- Your task
Stop after the line that contains "layer by layer". Until then, retype each line of the entries exactly from the first one, skipping pictures.

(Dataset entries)
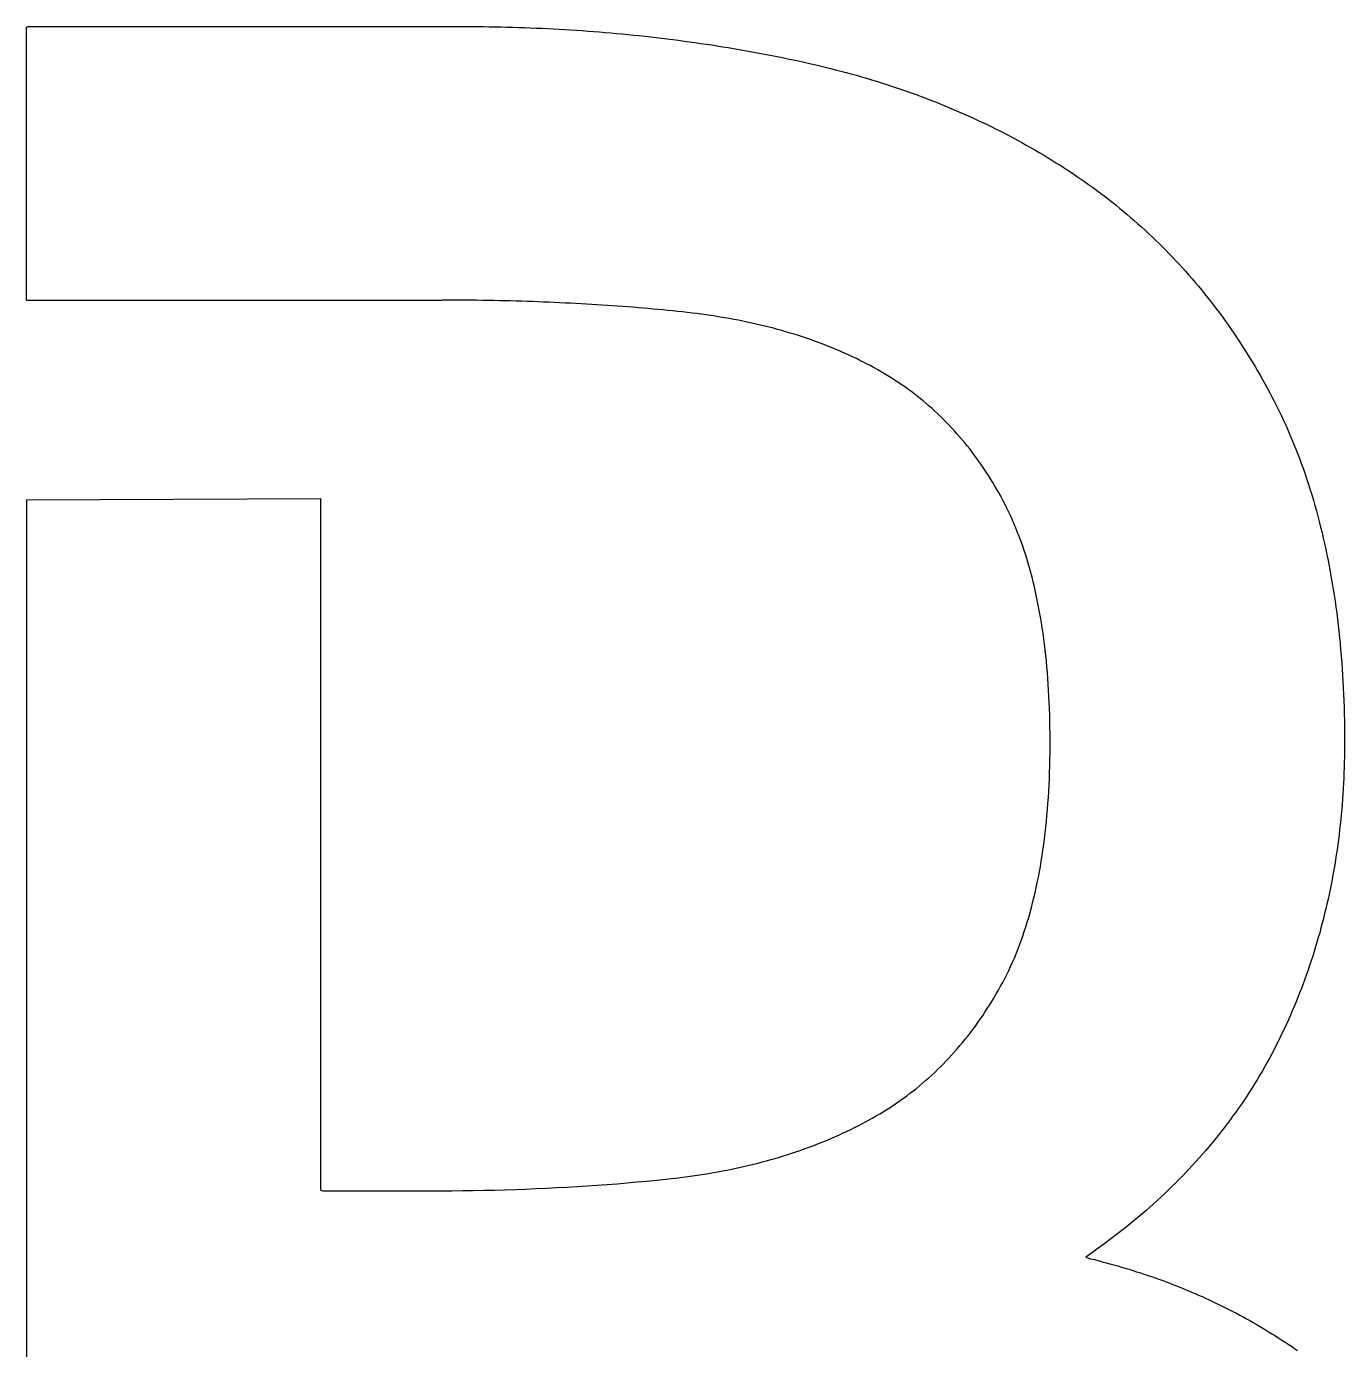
# Model space of a CAD drawing. Header units: millimetres. Extents: x 153 to 4750, y 92 to 3343.
# Drawn here: x 1793.38 to 1813.33, y 1868.61 to 1888.63 of the extents above; entities that cross this region are included whole.
import ezdxf

# ---------------------------------------------------------------- set-up
doc = ezdxf.new("R2010")
doc.units = ezdxf.units.MM

msp = doc.modelspace()

# ---------------------------------------------------------------- linework, layer by layer
for p, q in [((1793.381, 1888.616), (1793.408, 1888.628)), ((1793.381, 1884.49), (1793.381, 1888.616)), ((1793.408, 1888.628), (1800.028, 1888.628)), ((1800.028, 1888.628), (1800.118, 1888.628)), ((1800.118, 1888.628), (1800.207, 1888.627)), ((1800.207, 1888.627), (1800.297, 1888.626)), ((1800.297, 1888.626), (1800.386, 1888.625)), ((1800.386, 1888.625), (1800.475, 1888.624)), ((1800.475, 1888.624), (1800.564, 1888.622)), ((1800.564, 1888.622), (1800.653, 1888.62)), ((1800.653, 1888.62), (1800.741, 1888.617)), ((1800.741, 1888.617), (1800.83, 1888.614)), ((1800.83, 1888.614), (1800.918, 1888.611)), ((1800.918, 1888.611), (1801.006, 1888.608)), ((1801.006, 1888.608), (1801.094, 1888.605)), ((1801.094, 1888.605), (1801.182, 1888.601)), ((1801.182, 1888.601), (1801.27, 1888.596)), ((1801.27, 1888.596), (1801.357, 1888.592)), ((1801.357, 1888.592), (1801.445, 1888.587)), ((1801.445, 1888.587), (1801.532, 1888.582)), ((1801.532, 1888.582), (1801.619, 1888.577)), ((1801.619, 1888.577), (1801.706, 1888.571)), ((1801.706, 1888.571), (1801.793, 1888.565)), ((1801.793, 1888.565), (1801.88, 1888.559)), ((1801.88, 1888.559), (1801.967, 1888.552)), ((1801.967, 1888.552), (1802.053, 1888.546)), ((1802.053, 1888.546), (1802.139, 1888.539)), ((1802.139, 1888.539), (1802.225, 1888.531)), ((1802.225, 1888.531), (1802.311, 1888.523)), ((1802.311, 1888.523), (1802.397, 1888.515)), ((1802.397, 1888.515), (1802.483, 1888.507)), ((1802.483, 1888.507), (1802.569, 1888.499)), ((1802.569, 1888.499), (1802.654, 1888.49)), ((1802.654, 1888.49), (1802.739, 1888.481)), ((1802.739, 1888.481), (1802.824, 1888.471)), ((1802.824, 1888.471), (1802.909, 1888.461)), ((1802.909, 1888.461), (1802.994, 1888.451)), ((1802.994, 1888.451), (1803.079, 1888.441)), ((1803.079, 1888.441), (1803.163, 1888.43)), ((1803.163, 1888.43), (1803.248, 1888.42)), ((1803.248, 1888.42), (1803.332, 1888.408)), ((1803.332, 1888.408), (1803.416, 1888.397)), ((1803.416, 1888.397), (1803.5, 1888.385)), ((1803.5, 1888.385), (1803.584, 1888.373)), ((1803.584, 1888.373), (1803.667, 1888.361)), ((1803.667, 1888.361), (1803.751, 1888.348)), ((1803.751, 1888.348), (1803.834, 1888.335)), ((1803.834, 1888.335), (1803.917, 1888.322)), ((1803.917, 1888.322), (1804.001, 1888.308)), ((1804.001, 1888.308), (1804.083, 1888.295)), ((1804.083, 1888.295), (1804.166, 1888.28)), ((1804.166, 1888.28), (1804.249, 1888.266)), ((1804.249, 1888.266), (1804.331, 1888.251)), ((1804.331, 1888.251), (1804.414, 1888.236)), ((1804.414, 1888.236), (1804.496, 1888.221)), ((1804.496, 1888.221), (1804.578, 1888.206)), ((1804.578, 1888.206), (1804.66, 1888.19)), ((1804.66, 1888.19), (1804.742, 1888.174)), ((1804.742, 1888.174), (1804.823, 1888.157)), ((1804.823, 1888.157), (1804.905, 1888.14)), ((1804.905, 1888.14), (1804.986, 1888.123)), ((1804.986, 1888.123), (1805.067, 1888.106)), ((1805.067, 1888.106), (1805.148, 1888.088)), ((1805.148, 1888.088), (1805.229, 1888.07)), ((1805.229, 1888.07), (1805.309, 1888.052)), ((1805.309, 1888.052), (1805.389, 1888.033)), ((1805.389, 1888.033), (1805.469, 1888.014)), ((1805.469, 1888.014), (1805.548, 1887.994)), ((1805.548, 1887.994), (1805.627, 1887.974)), ((1805.627, 1887.974), (1805.706, 1887.953)), ((1805.706, 1887.953), (1805.784, 1887.933)), ((1805.784, 1887.933), (1805.862, 1887.911)), ((1805.862, 1887.911), (1805.94, 1887.89)), ((1805.94, 1887.89), (1806.017, 1887.867)), ((1806.017, 1887.867), (1806.094, 1887.845)), ((1806.094, 1887.845), (1806.171, 1887.822)), ((1806.171, 1887.822), (1806.247, 1887.799)), ((1806.247, 1887.799), (1806.323, 1887.775)), ((1806.323, 1887.775), (1806.399, 1887.751)), ((1806.399, 1887.751), (1806.474, 1887.726)), ((1806.474, 1887.726), (1806.549, 1887.701)), ((1806.549, 1887.701), (1806.623, 1887.676)), ((1806.623, 1887.676), (1806.698, 1887.65)), ((1806.698, 1887.65), (1806.772, 1887.624)), ((1806.772, 1887.624), (1806.845, 1887.597)), ((1806.845, 1887.597), (1806.919, 1887.57)), ((1806.919, 1887.57), (1806.992, 1887.542)), ((1806.992, 1887.542), (1807.064, 1887.515)), ((1807.064, 1887.515), (1807.136, 1887.486)), ((1807.136, 1887.486), (1807.208, 1887.458)), ((1807.208, 1887.458), (1807.28, 1887.429)), ((1807.28, 1887.429), (1807.351, 1887.399)), ((1807.351, 1887.399), (1807.422, 1887.369)), ((1807.422, 1887.369), (1807.493, 1887.339)), ((1807.493, 1887.339), (1807.563, 1887.308)), ((1807.563, 1887.308), (1807.633, 1887.277)), ((1807.633, 1887.277), (1807.703, 1887.245)), ((1807.703, 1887.245), (1807.772, 1887.213)), ((1807.772, 1887.213), (1807.841, 1887.181)), ((1807.841, 1887.181), (1807.909, 1887.148)), ((1807.909, 1887.148), (1807.978, 1887.115)), ((1807.978, 1887.115), (1808.045, 1887.082)), ((1808.045, 1887.082), (1808.113, 1887.048)), ((1808.113, 1887.048), (1808.18, 1887.013)), ((1808.18, 1887.013), (1808.247, 1886.978)), ((1808.247, 1886.978), (1808.314, 1886.943)), ((1808.314, 1886.943), (1808.38, 1886.908)), ((1808.38, 1886.908), (1808.446, 1886.871)), ((1808.446, 1886.871), (1808.511, 1886.835)), ((1808.511, 1886.835), (1808.577, 1886.798)), ((1808.577, 1886.798), (1808.642, 1886.761)), ((1808.642, 1886.761), (1808.706, 1886.723)), ((1808.706, 1886.723), (1808.77, 1886.685)), ((1808.77, 1886.685), (1808.834, 1886.647)), ((1808.834, 1886.647), (1808.898, 1886.608)), ((1808.898, 1886.608), (1808.961, 1886.568)), ((1808.961, 1886.568), (1809.024, 1886.529)), ((1809.024, 1886.529), (1809.086, 1886.488)), ((1809.086, 1886.488), (1809.148, 1886.448)), ((1809.148, 1886.448), (1809.21, 1886.407)), ((1809.21, 1886.407), (1809.272, 1886.366)), ((1809.272, 1886.366), (1809.333, 1886.324)), ((1809.333, 1886.324), (1809.394, 1886.282)), ((1809.394, 1886.282), (1809.454, 1886.239)), ((1809.454, 1886.239), (1809.514, 1886.196)), ((1809.514, 1886.196), (1809.574, 1886.152)), ((1809.574, 1886.152), (1809.633, 1886.109)), ((1809.633, 1886.109), (1809.692, 1886.064)), ((1809.692, 1886.064), (1809.75, 1886.019)), ((1809.75, 1886.019), (1809.808, 1885.974)), ((1809.808, 1885.974), (1809.865, 1885.928)), ((1809.865, 1885.928), (1809.922, 1885.882)), ((1809.922, 1885.882), (1809.979, 1885.836)), ((1809.979, 1885.836), (1810.035, 1885.789)), ((1810.035, 1885.789), (1810.091, 1885.741)), ((1810.091, 1885.741), (1810.146, 1885.693)), ((1810.146, 1885.693), (1810.201, 1885.645)), ((1810.201, 1885.645), (1810.256, 1885.596)), ((1810.256, 1885.596), (1810.31, 1885.547)), ((1810.31, 1885.547), (1810.363, 1885.497)), ((1810.363, 1885.497), (1810.417, 1885.447)), ((1810.417, 1885.447), (1810.469, 1885.397)), ((1810.469, 1885.397), (1810.522, 1885.346)), ((1810.522, 1885.346), (1810.574, 1885.294)), ((1810.574, 1885.294), (1810.625, 1885.243)), ((1810.625, 1885.243), (1810.676, 1885.19)), ((1810.676, 1885.19), (1810.727, 1885.138)), ((1810.727, 1885.138), (1810.777, 1885.085)), ((1810.777, 1885.085), (1810.827, 1885.031)), ((1810.827, 1885.031), (1810.876, 1884.977)), ((1810.876, 1884.977), (1810.925, 1884.922)), ((1810.925, 1884.922), (1810.974, 1884.868)), ((1810.974, 1884.868), (1811.022, 1884.812)), ((1811.022, 1884.812), (1811.07, 1884.756)), ((1811.07, 1884.756), (1811.117, 1884.7)), ((1811.117, 1884.7), (1811.164, 1884.644)), ((1811.164, 1884.644), (1811.21, 1884.586)), ((1811.21, 1884.586), (1811.256, 1884.529)), ((1793.381, 1884.49), (1799.669, 1884.49)), ((1799.757, 1884.49), (1799.669, 1884.49)), ((1799.845, 1884.49), (1799.757, 1884.49)), ((1799.933, 1884.489), (1799.845, 1884.49)), ((1800.02, 1884.488), (1799.933, 1884.489)), ((1800.108, 1884.487), (1800.02, 1884.488)), ((1800.194, 1884.486), (1800.108, 1884.487)), ((1800.281, 1884.485), (1800.194, 1884.486)), ((1800.367, 1884.484), (1800.281, 1884.485)), ((1800.452, 1884.482), (1800.367, 1884.484)), ((1800.538, 1884.48), (1800.452, 1884.482)), ((1800.623, 1884.478), (1800.538, 1884.48)), ((1800.707, 1884.476), (1800.623, 1884.478)), ((1800.791, 1884.474), (1800.707, 1884.476)), ((1800.875, 1884.471), (1800.791, 1884.474)), ((1800.959, 1884.469), (1800.875, 1884.471)), ((1801.042, 1884.466), (1800.959, 1884.469)), ((1801.125, 1884.463), (1801.042, 1884.466)), ((1801.208, 1884.46), (1801.125, 1884.463)), ((1801.29, 1884.456), (1801.208, 1884.46)), ((1801.372, 1884.453), (1801.29, 1884.456)), ((1801.453, 1884.449), (1801.372, 1884.453)), ((1801.535, 1884.445), (1801.453, 1884.449)), ((1801.615, 1884.441), (1801.535, 1884.445)), ((1801.696, 1884.437), (1801.615, 1884.441)), ((1801.776, 1884.433), (1801.696, 1884.437)), ((1801.856, 1884.428), (1801.776, 1884.433)), ((1801.936, 1884.424), (1801.856, 1884.428)), ((1802.015, 1884.419), (1801.936, 1884.424)), ((1802.093, 1884.414), (1802.015, 1884.419)), ((1802.172, 1884.408), (1802.093, 1884.414)), ((1802.25, 1884.403), (1802.172, 1884.408)), ((1802.328, 1884.397), (1802.25, 1884.403)), ((1802.405, 1884.392), (1802.328, 1884.397)), ((1802.482, 1884.386), (1802.405, 1884.392)), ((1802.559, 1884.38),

- Output
# Model space of a CAD drawing. Header units: millimetres. Extents: x 153 to 4750, y 92 to 3343.
# Drawn here: x 1793.38 to 1813.33, y 1868.61 to 1888.63 of the extents above; entities that cross this region are included whole.
import ezdxf

# ---------------------------------------------------------------- set-up
doc = ezdxf.new("R2010")
doc.units = ezdxf.units.MM

msp = doc.modelspace()

# ---------------------------------------------------------------- linework, layer by layer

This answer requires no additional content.